One thing our study produced was a list of 25 tips for the savvy voter (it appeared in a book that you can see here at Amazon). But if we were to boil it down to five things voters ought to take to heart, they’d be the following:

1. Take action before the election. Keep your registration current, particularly when you change addresses, and nag family and friends about doing the same. And make sure of the sample ballot and other mailings that should remind you of Election Day.

2. Don’t go into the polling place empty-handed. Marking a sample ballot and taking it into a polling booth is perfectly legal. So is taking in voting guides prepared by the media or other organizations.

3. Consider voting by mail. The term “absentee” ballot has left the impression that voting by mail is reserved for those who will be out of area for an election. Not so! Voting by mail is available to any voter. It is convenient; it saves time and gas; and it gives you leisure to consider your electoral choices. The Post Office works closely with the Registrar of Voters to ensure that ballots are delivered and returned on time. A voter can also turn in a ballot personally at any polling station on Election Day. One big thing never to forget: Sign the vote-by-mail ballot envelope, but don’t sign the ballot itself. Signed ballots are discarded.

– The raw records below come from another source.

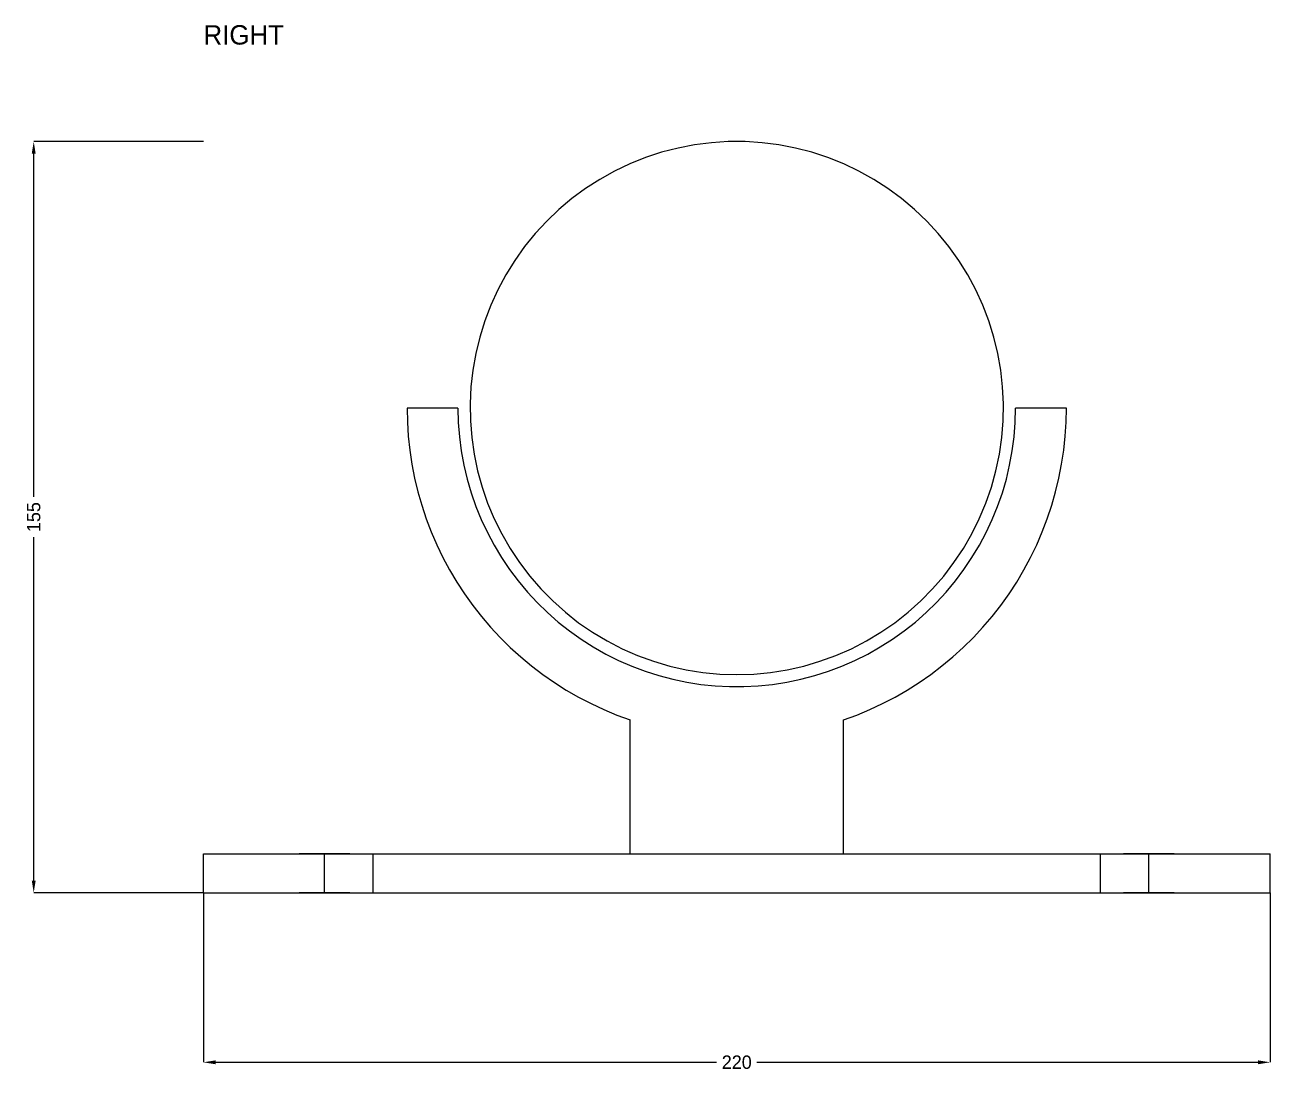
# Model space of a CAD drawing. Header units: millimetres. Extents: x -37 to 730, y -451 to 244.
# Drawn here: x 473.2 to 730, y -36.8 to 179.1 of the extents above; entities that cross this region are included whole.
import ezdxf

# ---------------------------------------------------------------- set-up
doc = ezdxf.new("R2010")
doc.units = ezdxf.units.MM
for name, color, linetype in [('DIMENSIONS', 7, 'Continuous'), ('NOTES', 7, 'Continuous'), ('RIGHT', 7, 'Continuous')]:
    doc.layers.add(name, color=color, linetype=linetype)
doc.dimstyles.get("Standard").update_dxf_attribs({"dimtxt": 2.5, "dimasz": 2.5, "dimexe": 1.25, "dimexo": 0.625, "dimtad": 1, "dimcen": 2.5, "dimazin": 3, "dimtfac": 1, "dimtmove": 0, "dimatfit": 3})

# ---------------------------------------------------------------- blocks, each defined once
blk = doc.blocks.new('_CLOSEDFILLED')
at = {"color": 0, "linetype": 'BYBLOCK'}
blk.add_solid([(-1, 0.16), (0, 0), (-1, -0.16)], dxfattribs=at)
blk = doc.blocks.new('*D5')
at = {"color": 7}
for p, q in [((510, 0), (510, -35)), ((730, 0), (730, -35)), ((512.5, -35), (615.85, -35)), ((624.15, -35), (727.5, -35))]:
    blk.add_line(p, q, dxfattribs=at)
at = {"layer": 'Defpoints'}
for p in [(510, 0), (730, 0), (510, -35)]:
    blk.add_point(p, dxfattribs=at)
at = {"layer": 'DIMENSIONS', "color": 7, "xscale": 2.5, "yscale": 2.5, "rotation": 180}
blk.add_blockref('_CLOSEDFILLED', (510, -35), dxfattribs=at)
at = {"layer": 'DIMENSIONS', "color": 7, "xscale": 2.5, "yscale": 2.5}
blk.add_blockref('_CLOSEDFILLED', (730, -35), dxfattribs=at)
at = {"layer": 'DIMENSIONS', "color": 7, "insert": (620, -35), "char_height": 2.769, "attachment_point": 5}
blk.add_mtext('220', dxfattribs=at)
blk = doc.blocks.new('*D6')
at = {"color": 7}
for p, q in [((510, 155), (475, 155)), ((475, 81.65), (475, 152.5)), ((475, 2.5), (475, 73.35)), ((510, 0), (475, 0))]:
    blk.add_line(p, q, dxfattribs=at)
at = {"layer": 'Defpoints'}
for p in [(510, 155), (475, 0), (510, 0)]:
    blk.add_point(p, dxfattribs=at)
at = {"layer": 'DIMENSIONS', "color": 7, "xscale": 2.5, "yscale": 2.5}
for p, rotation in [((475, 155), 90), ((475, 0), 270)]:
    blk.add_blockref('_CLOSEDFILLED', p, dxfattribs=dict(at, rotation=rotation))
at = {"layer": 'DIMENSIONS', "color": 7, "insert": (475, 77.5), "char_height": 2.769, "attachment_point": 5, "rotation": 90}
blk.add_mtext('155', dxfattribs=at)

msp = doc.modelspace()

# ---------------------------------------------------------------- linework, layer by layer
at = {"layer": 'RIGHT'}
for points in [[(620, 45), (623.488, 45.111), (626.963, 45.442), (630.409, 45.994), (633.813, 46.763), (637.162, 47.746), (640.441, 48.94), (643.639, 50.339), (646.741, 51.938), (649.735, 53.731), (652.61, 55.71), (655.353, 57.868), (657.954, 60.195), (660.403, 62.682), (662.688, 65.32), (664.802, 68.097), (666.735, 71.003), (668.48, 74.025), (670.03, 77.152), (671.378, 80.371), (672.52, 83.669), (673.45, 87.033), (674.164, 90.449), (674.661, 93.904), (674.938, 97.383), (674.993, 100.873), (674.827, 104.359), (674.44, 107.827), (673.834, 111.264), (673.011, 114.656), (671.975, 117.989), (670.729, 121.249), (669.28, 124.424), (667.631, 127.5), (665.791, 130.466), (663.767, 133.309), (661.566, 136.017), (659.198, 138.581), (656.672, 140.99), (653.999, 143.233), (651.188, 145.302), (648.252, 147.189), (645.202, 148.886), (642.051, 150.386), (638.811, 151.683), (635.495, 152.772), (632.117, 153.649), (628.69, 154.309), (625.228, 154.751), (621.745, 154.972), (618.255, 154.972), (614.772, 154.751), (611.31, 154.309), (607.883, 153.649), (604.505, 152.772), (601.189, 151.683), (597.949, 150.386), (594.798, 148.886), (591.748, 147.189), (588.812, 145.302), (586.001, 143.233), (583.328, 140.99), (580.802, 138.581), (578.434, 136.017), (576.233, 133.309), (574.209, 130.466), (572.369, 127.5), (570.72, 124.424), (569.271, 121.249), (568.025, 117.989), (566.989, 114.656), (566.166, 111.264), (565.56, 107.827), (565.173, 104.359), (565.007, 100.873), (565.062, 97.383), (565.339, 93.904), (565.836, 90.449), (566.55, 87.033), (567.48, 83.669), (568.622, 80.371), (569.97, 77.152), (571.52, 74.025), (573.265, 71.003), (575.198, 68.097), (577.312, 65.32), (579.597, 62.682), (582.046, 60.195), (584.647, 57.868), (587.39, 55.71), (590.265, 53.731), (593.259, 51.938), (596.361, 50.339), (599.559, 48.94), (602.838, 47.746), (606.187, 46.763), (609.591, 45.994), (613.037, 45.442), (616.512, 45.111), (620, 45)], [(620, 45), (623.488, 45.111), (626.963, 45.442), (630.409, 45.994), (633.813, 46.763), (637.162, 47.746), (640.441, 48.94), (643.639, 50.339), (646.741, 51.938), (649.735, 53.731), (652.61, 55.71), (655.353, 57.868), (657.954, 60.195), (660.403, 62.682), (662.688, 65.32), (664.802, 68.097), (666.735, 71.003), (668.48, 74.025), (670.03, 77.152), (671.378, 80.371), (672.52, 83.669), (673.45, 87.033), (674.164, 90.449), (674.661, 93.904), (674.938, 97.383), (674.993, 100.873), (674.827, 104.359), (674.44, 107.827), (673.834, 111.264), (673.011, 114.656), (671.975, 117.989), (670.729, 121.249), (669.28, 124.424), (667.631, 127.5), (665.791, 130.466), (663.767, 133.309), (661.566, 136.017), (659.198, 138.581), (656.672, 140.99), (653.999, 143.233), (651.188, 145.302), (648.252, 147.189), (645.202, 148.886), (642.051, 150.386), (638.811, 151.683), (635.495, 152.772), (632.117, 153.649), (628.69, 154.309), (625.228, 154.751), (621.745, 154.972), (618.255, 154.972), (614.772, 154.751), (611.31, 154.309), (607.883, 153.649), (604.505, 152.772), (601.189, 151.683), (597.949, 150.386), (594.798, 148.886), (591.748, 147.189), (588.812, 145.302), (586.001, 143.233), (583.328, 140.99), (580.802, 138.581), (578.434, 136.017), (576.233, 133.309), (574.209, 130.466), (572.369, 127.5), (570.72, 124.424), (569.271, 121.249), (568.025, 117.989), (566.989, 114.656), (566.166, 111.264), (565.56, 107.827), (565.173, 104.359), (565.007, 100.873), (565.062, 97.383), (565.339, 93.904), (565.836, 90.449), (566.55, 87.033), (567.48, 83.669), (568.622, 80.371), (569.97, 77.152), (571.52, 74.025), (573.265, 71.003), (575.198, 68.097), (577.312, 65.32), (579.597, 62.682), (582.046, 60.195), (584.647, 57.868), (587.39, 55.71), (590.265, 53.731), (593.259, 51.938), (596.361, 50.339), (599.559, 48.94), (602.838, 47.746), (606.187, 46.763), (609.591, 45.994), (613.037, 45.442), (616.512, 45.111), (620, 45)], [(562.5, 100), (552, 100)], [(552, 100), (552.062, 97.09), (552.249, 94.186), (552.56, 91.292), (552.994, 88.414), (553.551, 85.557), (554.23, 82.727), (555.03, 79.928), (555.948, 77.167), (556.984, 74.447), (558.135, 71.773), (559.4, 69.152), (560.775, 66.587), (562.259, 64.083), (563.849, 61.645), (565.542, 59.278), (567.334, 56.985), (569.223, 54.77), (571.205, 52.639), (573.276, 50.594), (575.433, 48.64), (577.672, 46.78), (579.988, 45.018), (582.378, 43.356), (584.836, 41.798), (587.359, 40.346), (589.941, 39.004), (592.579, 37.774), (595.267, 36.658), (598, 35.657)], [(552, 100), (552.062, 97.09), (552.249, 94.186), (552.56, 91.292), (552.994, 88.414), (553.551, 85.557), (554.23, 82.727), (555.03, 79.928), (555.948, 77.167), (556.984, 74.447), (558.135, 71.773), (559.4, 69.152), (560.775, 66.587), (562.259, 64.083), (563.849, 61.645), (565.542, 59.278), (567.334, 56.985), (569.223, 54.77), (571.205, 52.639), (573.276, 50.594), (575.433, 48.64), (577.672, 46.78), (579.988, 45.018), (582.378, 43.356), (584.836, 41.798), (587.359, 40.346), (589.941, 39.004), (592.579, 37.774), (595.267, 36.658), (598, 35.657)], [(562.5, 100), (552, 100)], [(562.5, 100), (552, 100)], [(552, 100), (552.062, 97.09), (552.249, 94.186), (552.56, 91.292), (552.994, 88.414), (553.551, 85.557), (554.23, 82.727), (555.03, 79.928), (555.948, 77.167), (556.984, 74.447), (558.135, 71.773), (559.4, 69.152), (560.775, 66.587), (562.259, 64.083), (563.849, 61.645), (565.542, 59.278), (567.334, 56.985), (569.223, 54.77), (571.205, 52.639), (573.276, 50.594), (575.433, 48.64), (577.672, 46.78), (579.988, 45.018), (582.378, 43.356), (584.836, 41.798), (587.359, 40.346), (589.941, 39.004), (592.579, 37.774), (595.267, 36.658), (598, 35.657)], [(552, 100), (552.062, 97.09), (552.249, 94.186), (552.56, 91.292), (552.994, 88.414), (553.551, 85.557), (554.23, 82.727), (555.03, 79.928), (555.948, 77.167), (556.984, 74.447), (558.135, 71.773), (559.4, 69.152), (560.775, 66.587), (562.259, 64.083), (563.849, 61.645), (565.542, 59.278), (567.334, 56.985), (569.223, 54.77), (571.205, 52.639), (573.276, 50.594), (575.433, 48.64), (577.672, 46.78), (579.988, 45.018), (582.378, 43.356), (584.836, 41.798), (587.359, 40.346), (589.941, 39.004), (592.579, 37.774), (595.267, 36.658), (598, 35.657)], [(562.5, 100), (552, 100)], [(562.5, 100), (562.576, 97.04), (562.805, 94.088), (563.185, 91.151), (563.716, 88.238), (564.396, 85.356), (565.223, 82.513), (566.196, 79.717), (567.312, 76.974), (568.567, 74.292), (569.959, 71.678), (571.483, 69.14), (573.136, 66.683), (574.913, 64.315), (576.81, 62.041), (578.821, 59.868), (580.942, 57.802), (583.166, 55.847), (585.488, 54.009), (587.901, 52.294), (590.399, 50.704), (592.976, 49.246), (595.625, 47.922), (598.338, 46.736), (601.109, 45.692), (603.93, 44.791), (606.793, 44.037), (609.691, 43.432), (612.617, 42.976), (615.562, 42.671), (618.519, 42.519), (621.481, 42.519), (624.438, 42.671), (627.383, 42.976), (630.309, 43.432), (633.207, 44.037), (636.07, 44.791), (638.891, 45.692), (641.662, 46.736), (644.375, 47.922), (647.024, 49.246), (649.601, 50.704), (652.099, 52.294), (654.512, 54.009), (656.834, 55.847), (659.058, 57.802), (661.179, 59.868), (663.19, 62.041), (665.087, 64.315), (666.864, 66.683), (668.517, 69.14), (670.041, 71.678), (671.433, 74.292), (672.688, 76.974), (673.804, 79.717), (674.777, 82.513), (675.604, 85.356), (676.284, 88.238), (676.815, 91.151), (677.195, 94.088), (677.424, 97.04), (677.5, 100)], [(562.5, 100), (562.576, 97.04), (562.805, 94.088), (563.185, 91.151), (563.716, 88.238), (564.396, 85.356), (565.223, 82.513), (566.196, 79.717), (567.312, 76.974), (568.567, 74.292), (569.959, 71.678), (571.483, 69.14), (573.136, 66.683), (574.913, 64.315), (576.81, 62.041), (578.821, 59.868), (580.942, 57.802), (583.166, 55.847), (585.488, 54.009), (587.901, 52.294), (590.399, 50.704), (592.976, 49.246), (595.625, 47.922), (598.338, 46.736), (601.109, 45.692), (603.93, 44.791), (606.793, 44.037), (609.691, 43.432), (612.617, 42.976), (615.562, 42.671), (618.519, 42.519), (621.481, 42.519), (624.438, 42.671), (627.383, 42.976), (630.309, 43.432), (633.207, 44.037), (636.07, 44.791), (638.891, 45.692), (641.662, 46.736), (644.375, 47.922), (647.024, 49.246), (649.601, 50.704), (652.099, 52.294), (654.512, 54.009), (656.834, 55.847), (659.058, 57.802), (661.179, 59.868), (663.19, 62.041), (665.087, 64.315), (666.864, 66.683), (668.517, 69.14), (670.041, 71.678), (671.433, 74.292), (672.688, 76.974), (673.804, 79.717), (674.777, 82.513), (675.604, 85.356), (676.284, 88.238), (676.815, 91.151), (677.195, 94.088), (677.424, 97.04), (677.5, 100)], [(562.5, 100), (562.576, 97.04), (562.805, 94.088), (563.185, 91.151), (563.716, 88.238), (564.396, 85.356), (565.223, 82.513), (566.196, 79.717), (567.312, 76.974), (568.567, 74.292), (569.959, 71.678), (571.483, 69.14), (573.136, 66.683), (574.913, 64.315), (576.81, 62.041), (578.821, 59.868), (580.942, 57.802), (583.166, 55.847), (585.488, 54.009), (587.901, 52.294), (590.399, 50.704), (592.976, 49.246), (595.625, 47.922), (598.338, 46.736), (601.109, 45.692), (603.93, 44.791), (606.793, 44.037), (609.691, 43.432), (612.617, 42.976), (615.562, 42.671), (618.519, 42.519), (621.481, 42.519), (624.438, 42.671), (627.383, 42.976), (630.309, 43.432), (633.207, 44.037), (636.07, 44.791), (638.891, 45.692), (641.662, 46.736), (644.375, 47.922), (647.024, 49.246), (649.601, 50.704), (652.099, 52.294), (654.512, 54.009), (656.834, 55.847), (659.058, 57.802), (661.179, 59.868), (663.19, 62.041), (665.087, 64.315), (666.864, 66.683), (668.517, 69.14), (670.041, 71.678), (671.433, 74.292), (672.688, 76.974), (673.804, 79.717), (674.777, 82.513), (675.604, 85.356), (676.284, 88.238), (676.815, 91.151), (677.195, 94.088), (677.424, 97.04), (677.5, 100)], [(562.5, 100), (562.576, 97.04), (562.805, 94.088), (563.185, 91.151), (563.716, 88.238), (564.396, 85.356), (565.223, 82.513), (566.196, 79.717), (567.312, 76.974), (568.567, 74.292), (569.959, 71.678), (571.483, 69.14), (573.136, 66.683), (574.913, 64.315), (576.81, 62.041), (578.821, 59.868), (580.942, 57.802), (583.166, 55.847), (585.488, 54.009), (587.901, 52.294), (590.399, 50.704), (592.976, 49.246), (595.625, 47.922), (598.338, 46.736), (601.109, 45.692), (603.93, 44.791), (606.793, 44.037), (609.691, 43.432), (612.617, 42.976), (615.562, 42.671), (618.519, 42.519), (621.481, 42.519), (624.438, 42.671), (627.383, 42.976), (630.309, 43.432), (633.207, 44.037), (636.07, 44.791), (638.891, 45.692), (641.662, 46.736), (644.375, 47.922), (647.024, 49.246), (649.601, 50.704), (652.099, 52.294), (654.512, 54.009), (656.834, 55.847), (659.058, 57.802), (661.179, 59.868), (663.19, 62.041), (665.087, 64.315), (666.864, 66.683), (668.517, 69.14), (670.041, 71.678), (671.433, 74.292), (672.688, 76.974), (673.804, 79.717), (674.777, 82.513), (675.604, 85.356), (676.284, 88.238), (676.815, 91.151), (677.195, 94.088), (677.424, 97.04), (677.5, 100)], [(642, 35.657), (644.733, 36.658), (647.421, 37.774), (650.059, 39.004), (652.641, 40.346), (655.164, 41.798), (657.622, 43.356), (660.012, 45.018), (662.328, 46.78), (664.567, 48.64), (666.724, 50.594), (668.795, 52.639), (670.777, 54.77), (672.666, 56.985), (674.458, 59.278), (676.151, 61.645), (677.741, 64.083), (679.225, 66.587), (680.6, 69.152), (681.865, 71.773), (683.016, 74.447), (684.052, 77.167), (684.97, 79.928), (685.77, 82.727), (686.449, 85.557), (687.006, 88.414), (687.44, 91.292), (687.751, 94.186), (687.938, 97.09), (688, 100)], [(642, 35.657), (644.733, 36.658), (647.421, 37.774), (650.059, 39.004), (652.641, 40.346), (655.164, 41.798), (657.622, 43.356), (660.012, 45.018), (662.328, 46.78), (664.567, 48.64), (666.724, 50.594), (668.795, 52.639), (670.777, 54.77), (672.666, 56.985), (674.458, 59.278), (676.151, 61.645), (677.741, 64.083), (679.225, 66.587), (680.6, 69.152), (681.865, 71.773), (683.016, 74.447), (684.052, 77.167), (684.97, 79.928), (685.77, 82.727), (686.449, 85.557), (687.006, 88.414), (687.44, 91.292), (687.751, 94.186), (687.938, 97.09), (688, 100)], [(642, 35.657), (644.733, 36.658), (647.421, 37.774), (650.059, 39.004), (652.641, 40.346), (655.164, 41.798), (657.622, 43.356), (660.012, 45.018), (662.328, 46.78), (664.567, 48.64), (666.724, 50.594), (668.795, 52.639), (670.777, 54.77), (672.666, 56.985), (674.458, 59.278), (676.151, 61.645), (677.741, 64.083), (679.225, 66.587), (680.6, 69.152), (681.865, 71.773), (683.016, 74.447), (684.052, 77.167), (684.97, 79.928), (685.77, 82.727), (686.449, 85.557), (687.006, 88.414), (687.44, 91.292), (687.751, 94.186), (687.938, 97.09), (688, 100)], [(642, 35.657), (644.733, 36.658), (647.421, 37.774), (650.059, 39.004), (652.641, 40.346), (655.164, 41.798), (657.622, 43.356), (660.012, 45.018), (662.328, 46.78), (664.567, 48.64), (666.724, 50.594), (668.795, 52.639), (670.777, 54.77), (672.666, 56.985), (674.458, 59.278), (676.151, 61.645), (677.741, 64.083), (679.225, 66.587), (680.6, 69.152), (681.865, 71.773), (683.016, 74.447), (684.052, 77.167), (684.97, 79.928), (685.77, 82.727), (686.449, 85.557), (687.006, 88.414), (687.44, 91.292), (687.751, 94.186), (687.938, 97.09), (688, 100)], [(688, 100), (677.5, 100)], [(688, 100), (677.5, 100)], [(688, 100), (677.5, 100)], [(688, 100), (677.5, 100)], [(598, 8), (598, 35.657)], [(598, 8), (598, 35.657)], [(598, 8), (598, 35.657)], [(598, 8), (598, 35.657)], [(642, 8), (642, 35.657)], [(642, 8), (642, 35.657)], [(642, 8), (642, 35.657)], [(642, 8), (642, 35.657)], [(510, 0), (510, 8)], [(510, 8), (730, 8)], [(510, 0), (510, 8)], [(510, 8), (730, 8)], [(535, 8), (532.865, 8), (531.098, 8), (530.007, 8), (529.779, 8), (530.453, 8), (531.914, 8), (533.908, 8), (536.092, 8), (538.086, 8), (539.547, 8), (540.221, 8), (539.993, 8), (538.902, 8), (537.135, 8), (535, 8)], [(535, 8), (532.865, 8), (531.098, 8), (530.007, 8), (529.779, 8), (530.453, 8), (531.914, 8), (533.908, 8), (536.092, 8), (538.086, 8), (539.547, 8), (540.221, 8), (539.993, 8), (538.902, 8), (537.135, 8), (535, 8)], [(535, 0), (535, 8)], [(535, 0), (535, 8)], [(545, 8), (695, 8)], [(545, 8), (695, 8)], [(545, 8), (695, 8)], [(545, 8), (695, 8)], [(545, 8), (695, 8)], [(545, 8), (695, 8)], [(545, 8), (695, 8)], [(545, 8), (695, 8)], [(545, 8), (695, 8)], [(545, 8), (695, 8)], [(545, 0), (545, 8)], [(545, 0), (545, 8)], [(545, 0), (545, 8)], [(545, 0), (545, 8)], [(545, 0), (545, 8)], [(545, 0), (545, 8)], [(545, 0), (545, 8)], [(545, 0), (545, 8)], [(545, 0), (545, 8)], [(545, 0), (545, 8)], [(598, 8), (642, 8)], [(598, 8), (642, 8)], [(598, 8), (642, 8)], [(598, 8), (642, 8)], [(695, 0), (695, 8)], [(695, 0), (695, 8)], [(695, 0), (695, 8)], [(695, 0), (695, 8)], [(695, 0), (695, 8)], [(695, 0), (695, 8)], [(695, 0), (695, 8)], [(695, 0), (695, 8)], [(695, 0), (695, 8)], [(695, 0), (695, 8)], [(705, 8), (702.865, 8), (701.098, 8), (700.007, 8), (699.779, 8), (700.453, 8), (701.914, 8), (703.908, 8), (706.092, 8), (708.086, 8), (709.547, 8), (710.221, 8), (709.993, 8), (708.902, 8), (707.135, 8), (705, 8)], [(705, 8), (702.865, 8), (701.098, 8), (700.007, 8), (699.779, 8), (700.453, 8), (701.914, 8), (703.908, 8), (706.092, 8), (708.086, 8), (709.547, 8), (710.221, 8), (709.993, 8), (708.902, 8), (707.135, 8), (705, 8)], [(705, 0), (705, 8)], [(705, 0), (705, 8)], [(730, 0), (730, 8)], [(730, 0), (730, 8)], [(510, 0), (730, 0)], [(510, 0), (730, 0)], [(535, 0), (532.865, 0), (531.098, 0), (530.007, 0), (529.779, 0), (530.453, 0), (531.914, 0), (533.908, 0), (536.092, 0), (538.086, 0), (539.547, 0), (540.221, 0), (539.993, 0), (538.902, 0), (537.135, 0), (535, 0)], [(535, 0), (532.865, 0), (531.098, 0), (530.007, 0), (529.779, 0), (530.453, 0), (531.914, 0), (533.908, 0), (536.092, 0), (538.086, 0), (539.547, 0), (540.221, 0), (539.993, 0), (538.902, 0), (537.135, 0), (535, 0)], [(545, 0), (695, 0)], [(545, 0), (695, 0)], [(545, 0), (695, 0)], [(545, 0), (695, 0)], [(545, 0), (695, 0)], [(545, 0), (695, 0)], [(545, 0), (695, 0)], [(545, 0), (695, 0)], [(545, 0), (695, 0)], [(545, 0), (695, 0)], [(705, 0), (702.865, 0), (701.098, 0), (700.007, 0), (699.779, 0), (700.453, 0), (701.914, 0), (703.908, 0), (706.092, 0), (708.086, 0), (709.547, 0), (710.221, 0), (709.993, 0), (708.902, 0), (707.135, 0), (705, 0)], [(705, 0), (702.865, 0), (701.098, 0), (700.007, 0), (699.779, 0), (700.453, 0), (701.914, 0), (703.908, 0), (706.092, 0), (708.086, 0), (709.547, 0), (710.221, 0), (709.993, 0), (708.902, 0), (707.135, 0), (705, 0)]]:
    msp.add_lwpolyline(points, dxfattribs=at)

# ---------------------------------------------------------------- texts
at = {"layer": 'NOTES'}
msp.add_text('RIGHT', height=4, dxfattribs=at).set_placement((510, 175))

# ---------------------------------------------------------------- dimensions: what is measured, and where the dimension line sits
at = {"layer": 'DIMENSIONS'}
dim = msp.add_linear_dim(base=(475, 0), p1=(510, 0), p2=(510, 155), angle=90, dimstyle='Standard', override={"dimtxt": 2.769231, "dimasz": 2.5, "dimdec": 2, "dimclrd": 7, "dimclre": 7, "dimclrt": 7}, dxfattribs=at)
dim.commit()
dim.dimension.update_dxf_attribs({"geometry": '*D6', "text_midpoint": (475, 77.5)})
dim = msp.add_linear_dim(base=(510, -35), p1=(510, 0), p2=(730, 0), dimstyle='Standard', override={"dimtxt": 2.769231, "dimasz": 2.5, "dimdec": 2, "dimclrd": 7, "dimclre": 7, "dimclrt": 7}, dxfattribs=at)
dim.commit()
dim.dimension.update_dxf_attribs({"geometry": '*D5', "text_midpoint": (620, -35)})

doc.saveas('drawing.dxf')

4. If you mess up, get a new ballot. Many voting errors occur in the filling of the ovals on paper ballots. Follow instructions, fill in ovals completely without straying beyond the lines, and use a black pen if asked so the scanners can read the ballot accurately. Extraneous markings or doodles will spoil the ballot. If you make a mistake, ask for a new ballot from a poll worker or, in the case of a vote by mail ballot, from the Office of the Registrar of Voters. Do not try to correct a ballot; this will lead to disqualification.

5. After voting, speak up. Voting is controlled by officials at the local level. You should make your voice heard if you have concerns about informational mailings, poll workers, ballot design, or any other aspects of the voting process. The Office of the Registrar of Voters should receive such complaints. In California, registrars also report to county Boards of Supervisors—who also are a good place for voter comments.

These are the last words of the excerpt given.